[Records contained in a dataset]
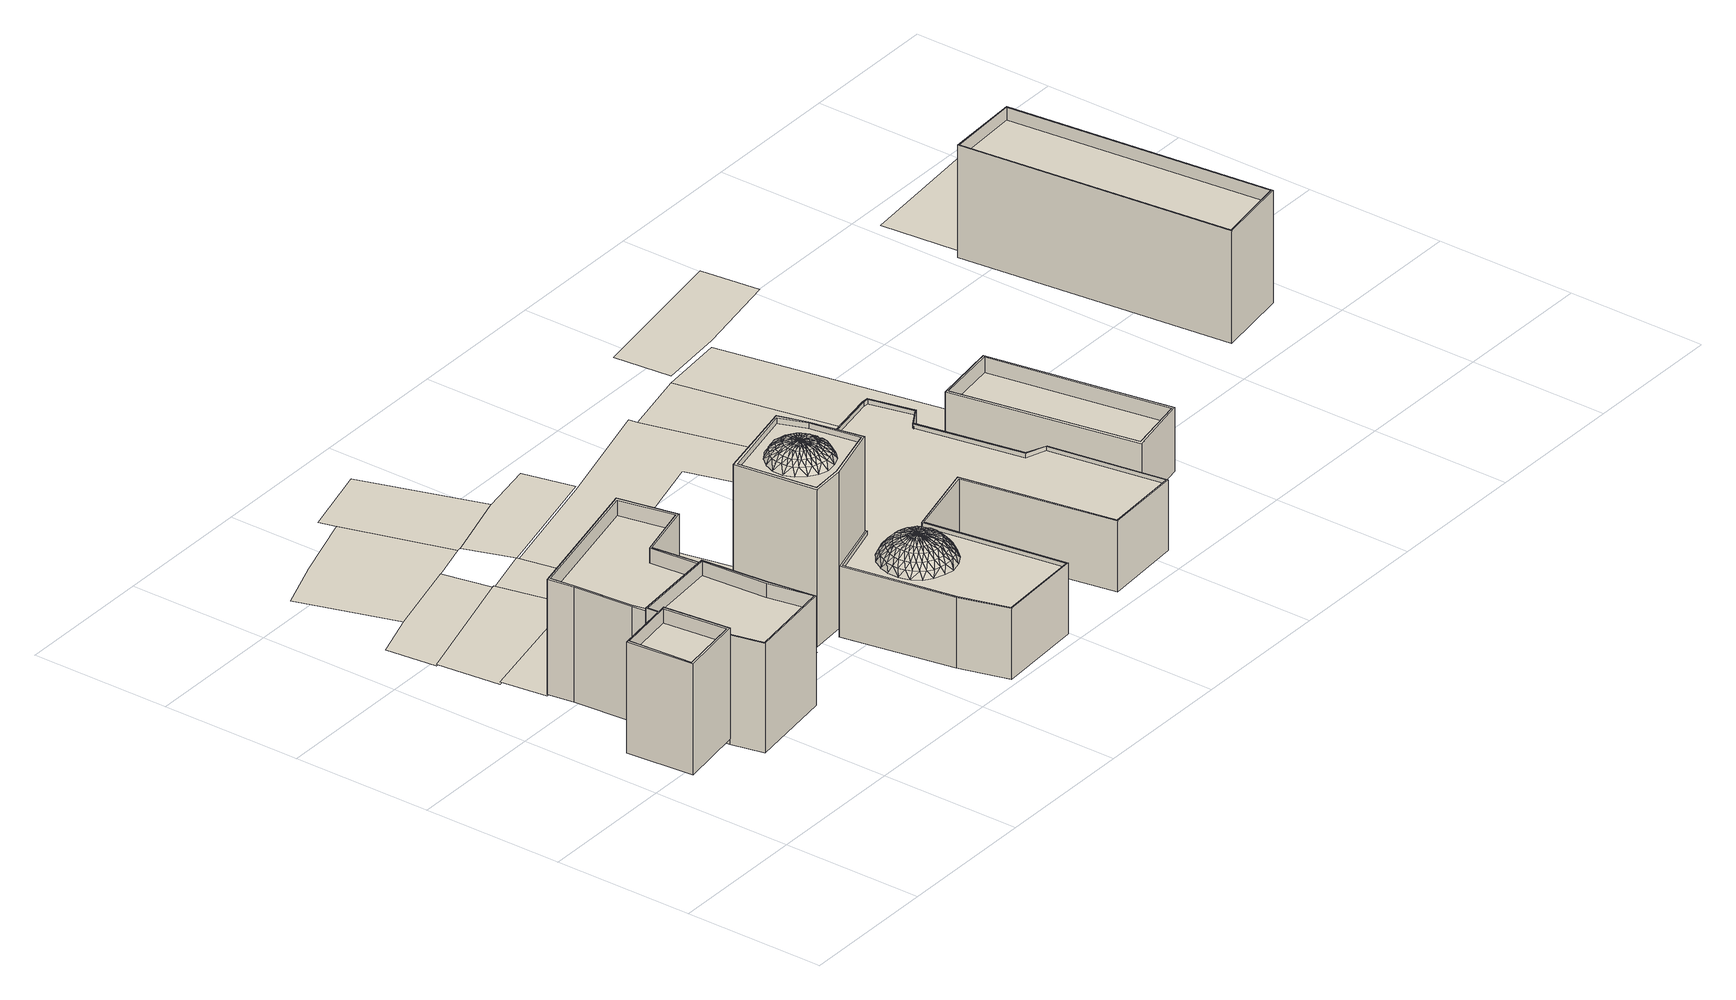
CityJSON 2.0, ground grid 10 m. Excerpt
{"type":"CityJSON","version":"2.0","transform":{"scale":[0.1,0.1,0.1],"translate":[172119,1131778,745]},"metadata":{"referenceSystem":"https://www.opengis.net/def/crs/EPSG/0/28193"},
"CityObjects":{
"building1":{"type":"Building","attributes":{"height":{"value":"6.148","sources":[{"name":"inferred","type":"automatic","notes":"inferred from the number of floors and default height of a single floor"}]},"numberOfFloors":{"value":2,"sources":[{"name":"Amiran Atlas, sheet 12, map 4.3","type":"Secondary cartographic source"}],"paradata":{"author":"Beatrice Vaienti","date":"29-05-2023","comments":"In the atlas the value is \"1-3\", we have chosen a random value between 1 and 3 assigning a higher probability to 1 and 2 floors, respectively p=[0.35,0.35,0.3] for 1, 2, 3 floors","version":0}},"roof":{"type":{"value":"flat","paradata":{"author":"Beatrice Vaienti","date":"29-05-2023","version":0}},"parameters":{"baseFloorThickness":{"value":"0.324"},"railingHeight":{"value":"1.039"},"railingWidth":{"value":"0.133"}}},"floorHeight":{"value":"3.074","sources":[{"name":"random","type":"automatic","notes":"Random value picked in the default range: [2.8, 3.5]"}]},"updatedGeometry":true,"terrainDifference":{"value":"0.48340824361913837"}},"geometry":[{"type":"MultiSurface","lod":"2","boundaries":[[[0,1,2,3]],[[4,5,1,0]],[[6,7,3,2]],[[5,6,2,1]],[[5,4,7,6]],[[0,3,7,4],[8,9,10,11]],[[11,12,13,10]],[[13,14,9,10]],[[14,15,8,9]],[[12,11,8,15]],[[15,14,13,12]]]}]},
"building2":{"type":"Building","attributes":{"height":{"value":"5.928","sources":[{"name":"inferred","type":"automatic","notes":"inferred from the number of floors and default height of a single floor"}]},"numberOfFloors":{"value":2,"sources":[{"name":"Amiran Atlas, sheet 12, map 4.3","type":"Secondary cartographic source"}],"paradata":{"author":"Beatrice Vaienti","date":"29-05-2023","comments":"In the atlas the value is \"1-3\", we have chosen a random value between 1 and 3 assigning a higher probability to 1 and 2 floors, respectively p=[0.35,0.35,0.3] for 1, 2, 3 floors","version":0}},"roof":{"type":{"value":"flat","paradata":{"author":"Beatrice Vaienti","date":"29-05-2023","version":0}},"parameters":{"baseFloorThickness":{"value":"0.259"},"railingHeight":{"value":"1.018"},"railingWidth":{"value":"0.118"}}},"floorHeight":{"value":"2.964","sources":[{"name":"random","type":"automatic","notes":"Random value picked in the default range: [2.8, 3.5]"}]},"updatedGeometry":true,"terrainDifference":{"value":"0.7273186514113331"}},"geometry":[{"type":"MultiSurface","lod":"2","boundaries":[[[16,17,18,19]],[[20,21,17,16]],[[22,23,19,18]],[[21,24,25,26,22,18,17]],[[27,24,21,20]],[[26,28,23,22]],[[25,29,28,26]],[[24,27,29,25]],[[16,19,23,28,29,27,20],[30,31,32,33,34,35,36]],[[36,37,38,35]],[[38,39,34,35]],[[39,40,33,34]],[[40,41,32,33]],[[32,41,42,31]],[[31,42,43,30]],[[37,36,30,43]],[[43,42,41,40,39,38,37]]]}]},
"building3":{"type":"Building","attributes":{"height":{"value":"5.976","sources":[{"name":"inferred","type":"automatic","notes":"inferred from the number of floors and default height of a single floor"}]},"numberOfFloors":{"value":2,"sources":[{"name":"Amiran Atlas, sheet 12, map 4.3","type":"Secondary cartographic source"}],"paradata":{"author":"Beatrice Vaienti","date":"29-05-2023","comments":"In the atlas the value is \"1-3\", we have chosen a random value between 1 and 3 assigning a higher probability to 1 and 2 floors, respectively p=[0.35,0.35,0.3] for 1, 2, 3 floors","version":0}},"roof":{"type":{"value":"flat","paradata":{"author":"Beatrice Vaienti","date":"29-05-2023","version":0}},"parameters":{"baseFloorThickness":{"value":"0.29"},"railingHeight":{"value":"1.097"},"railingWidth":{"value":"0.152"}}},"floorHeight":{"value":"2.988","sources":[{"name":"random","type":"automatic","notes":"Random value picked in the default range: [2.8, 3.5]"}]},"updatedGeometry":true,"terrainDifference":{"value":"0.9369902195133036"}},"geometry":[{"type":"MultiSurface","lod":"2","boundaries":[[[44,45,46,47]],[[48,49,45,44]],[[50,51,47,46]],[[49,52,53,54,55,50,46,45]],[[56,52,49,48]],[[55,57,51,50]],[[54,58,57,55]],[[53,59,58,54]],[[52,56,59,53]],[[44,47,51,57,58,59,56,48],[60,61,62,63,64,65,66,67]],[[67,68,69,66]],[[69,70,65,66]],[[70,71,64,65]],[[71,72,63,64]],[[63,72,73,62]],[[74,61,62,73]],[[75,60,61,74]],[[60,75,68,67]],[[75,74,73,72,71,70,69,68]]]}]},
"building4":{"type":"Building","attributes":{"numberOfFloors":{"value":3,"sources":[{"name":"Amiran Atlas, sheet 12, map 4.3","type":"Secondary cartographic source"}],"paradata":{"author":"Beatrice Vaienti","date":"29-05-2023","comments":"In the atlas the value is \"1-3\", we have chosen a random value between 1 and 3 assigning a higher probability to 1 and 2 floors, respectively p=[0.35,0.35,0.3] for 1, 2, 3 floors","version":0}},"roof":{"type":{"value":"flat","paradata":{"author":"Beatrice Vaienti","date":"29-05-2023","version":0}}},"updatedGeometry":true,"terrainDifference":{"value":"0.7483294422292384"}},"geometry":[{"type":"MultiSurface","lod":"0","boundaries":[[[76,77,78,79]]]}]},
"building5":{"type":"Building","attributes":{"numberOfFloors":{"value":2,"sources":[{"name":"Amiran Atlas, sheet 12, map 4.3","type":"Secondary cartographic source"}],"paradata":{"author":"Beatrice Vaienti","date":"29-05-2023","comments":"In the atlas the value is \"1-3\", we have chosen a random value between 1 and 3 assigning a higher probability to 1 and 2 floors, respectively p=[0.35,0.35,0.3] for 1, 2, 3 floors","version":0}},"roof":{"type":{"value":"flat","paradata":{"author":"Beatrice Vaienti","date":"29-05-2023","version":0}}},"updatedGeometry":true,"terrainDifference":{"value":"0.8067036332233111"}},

### Your instructions
Write out the records exactly. Do not carry the pictures over.

### Response
CityJSON 2.0, ground grid 10 m. Excerpt
{"type":"CityJSON","version":"2.0","transform":{"scale":[0.1,0.1,0.1],"translate":[172119,1131778,745]},"metadata":{"referenceSystem":"https://www.opengis.net/def/crs/EPSG/0/28193"},
"CityObjects":{
"building1":{"type":"Building","attributes":{"height":{"value":"6.148","sources":[{"name":"inferred","type":"automatic","notes":"inferred from the number of floors and default height of a single floor"}]},"numberOfFloors":{"value":2,"sources":[{"name":"Amiran Atlas, sheet 12, map 4.3","type":"Secondary cartographic source"}],"paradata":{"author":"Beatrice Vaienti","date":"29-05-2023","comments":"In the atlas the value is \"1-3\", we have chosen a random value between 1 and 3 assigning a higher probability to 1 and 2 floors, respectively p=[0.35,0.35,0.3] for 1, 2, 3 floors","version":0}},"roof":{"type":{"value":"flat","paradata":{"author":"Beatrice Vaienti","date":"29-05-2023","version":0}},"parameters":{"baseFloorThickness":{"value":"0.324"},"railingHeight":{"value":"1.039"},"railingWidth":{"value":"0.133"}}},"floorHeight":{"value":"3.074","sources":[{"name":"random","type":"automatic","notes":"Random value picked in the default range: [2.8, 3.5]"}]},"updatedGeometry":true,"terrainDifference":{"value":"0.48340824361913837"}},"geometry":[{"type":"MultiSurface","lod":"2","boundaries":[[[0,1,2,3]],[[4,5,1,0]],[[6,7,3,2]],[[5,6,2,1]],[[5,4,7,6]],[[0,3,7,4],[8,9,10,11]],[[11,12,13,10]],[[13,14,9,10]],[[14,15,8,9]],[[12,11,8,15]],[[15,14,13,12]]]}]},
"building2":{"type":"Building","attributes":{"height":{"value":"5.928","sources":[{"name":"inferred","type":"automatic","notes":"inferred from the number of floors and default height of a single floor"}]},"numberOfFloors":{"value":2,"sources":[{"name":"Amiran Atlas, sheet 12, map 4.3","type":"Secondary cartographic source"}],"paradata":{"author":"Beatrice Vaienti","date":"29-05-2023","comments":"In the atlas the value is \"1-3\", we have chosen a random value between 1 and 3 assigning a higher probability to 1 and 2 floors, respectively p=[0.35,0.35,0.3] for 1, 2, 3 floors","version":0}},"roof":{"type":{"value":"flat","paradata":{"author":"Beatrice Vaienti","date":"29-05-2023","version":0}},"parameters":{"baseFloorThickness":{"value":"0.259"},"railingHeight":{"value":"1.018"},"railingWidth":{"value":"0.118"}}},"floorHeight":{"value":"2.964","sources":[{"name":"random","type":"automatic","notes":"Random value picked in the default range: [2.8, 3.5]"}]},"updatedGeometry":true,"terrainDifference":{"value":"0.7273186514113331"}},"geometry":[{"type":"MultiSurface","lod":"2","boundaries":[[[16,17,18,19]],[[20,21,17,16]],[[22,23,19,18]],[[21,24,25,26,22,18,17]],[[27,24,21,20]],[[26,28,23,22]],[[25,29,28,26]],[[24,27,29,25]],[[16,19,23,28,29,27,20],[30,31,32,33,34,35,36]],[[36,37,38,35]],[[38,39,34,35]],[[39,40,33,34]],[[40,41,32,33]],[[32,41,42,31]],[[31,42,43,30]],[[37,36,30,43]],[[43,42,41,40,39,38,37]]]}]},
"building3":{"type":"Building","attributes":{"height":{"value":"5.976","sources":[{"name":"inferred","type":"automatic","notes":"inferred from the number of floors and default height of a single floor"}]},"numberOfFloors":{"value":2,"sources":[{"name":"Amiran Atlas, sheet 12, map 4.3","type":"Secondary cartographic source"}],"paradata":{"author":"Beatrice Vaienti","date":"29-05-2023","comments":"In the atlas the value is \"1-3\", we have chosen a random value between 1 and 3 assigning a higher probability to 1 and 2 floors, respectively p=[0.35,0.35,0.3] for 1, 2, 3 floors","version":0}},"roof":{"type":{"value":"flat","paradata":{"author":"Beatrice Vaienti","date":"29-05-2023","version":0}},"parameters":{"baseFloorThickness":{"value":"0.29"},"railingHeight":{"value":"1.097"},"railingWidth":{"value":"0.152"}}},"floorHeight":{"value":"2.988","sources":[{"name":"random","type":"automatic","notes":"Random value picked in the default range: [2.8, 3.5]"}]},"updatedGeometry":true,"terrainDifference":{"value":"0.9369902195133036"}},"geometry":[{"type":"MultiSurface","lod":"2","boundaries":[[[44,45,46,47]],[[48,49,45,44]],[[50,51,47,46]],[[49,52,53,54,55,50,46,45]],[[56,52,49,48]],[[55,57,51,50]],[[54,58,57,55]],[[53,59,58,54]],[[52,56,59,53]],[[44,47,51,57,58,59,56,48],[60,61,62,63,64,65,66,67]],[[67,68,69,66]],[[69,70,65,66]],[[70,71,64,65]],[[71,72,63,64]],[[63,72,73,62]],[[74,61,62,73]],[[75,60,61,74]],[[60,75,68,67]],[[75,74,73,72,71,70,69,68]]]}]},
"building4":{"type":"Building","attributes":{"numberOfFloors":{"value":3,"sources":[{"name":"Amiran Atlas, sheet 12, map 4.3","type":"Secondary cartographic source"}],"paradata":{"author":"Beatrice Vaienti","date":"29-05-2023","comments":"In the atlas the value is \"1-3\", we have chosen a random value between 1 and 3 assigning a higher probability to 1 and 2 floors, respectively p=[0.35,0.35,0.3] for 1, 2, 3 floors","version":0}},"roof":{"type":{"value":"flat","paradata":{"author":"Beatrice Vaienti","date":"29-05-2023","version":0}}},"updatedGeometry":true,"terrainDifference":{"value":"0.7483294422292384"}},"geometry":[{"type":"MultiSurface","lod":"0","boundaries":[[[76,77,78,79]]]}]},
"building5":{"type":"Building","attributes":{"numberOfFloors":{"value":2,"sources":[{"name":"Amiran Atlas, sheet 12, map 4.3","type":"Secondary cartographic source"}],"paradata":{"author":"Beatrice Vaienti","date":"29-05-2023","comments":"In the atlas the value is \"1-3\", we have chosen a random value between 1 and 3 assigning a higher probability to 1 and 2 floors, respectively p=[0.35,0.35,0.3] for 1, 2, 3 floors","version":0}},"roof":{"type":{"value":"flat","paradata":{"author":"Beatrice Vaienti","date":"29-05-2023","version":0}}},"updatedGeometry":true,"terrainDifference":{"value":"0.8067036332233111"}},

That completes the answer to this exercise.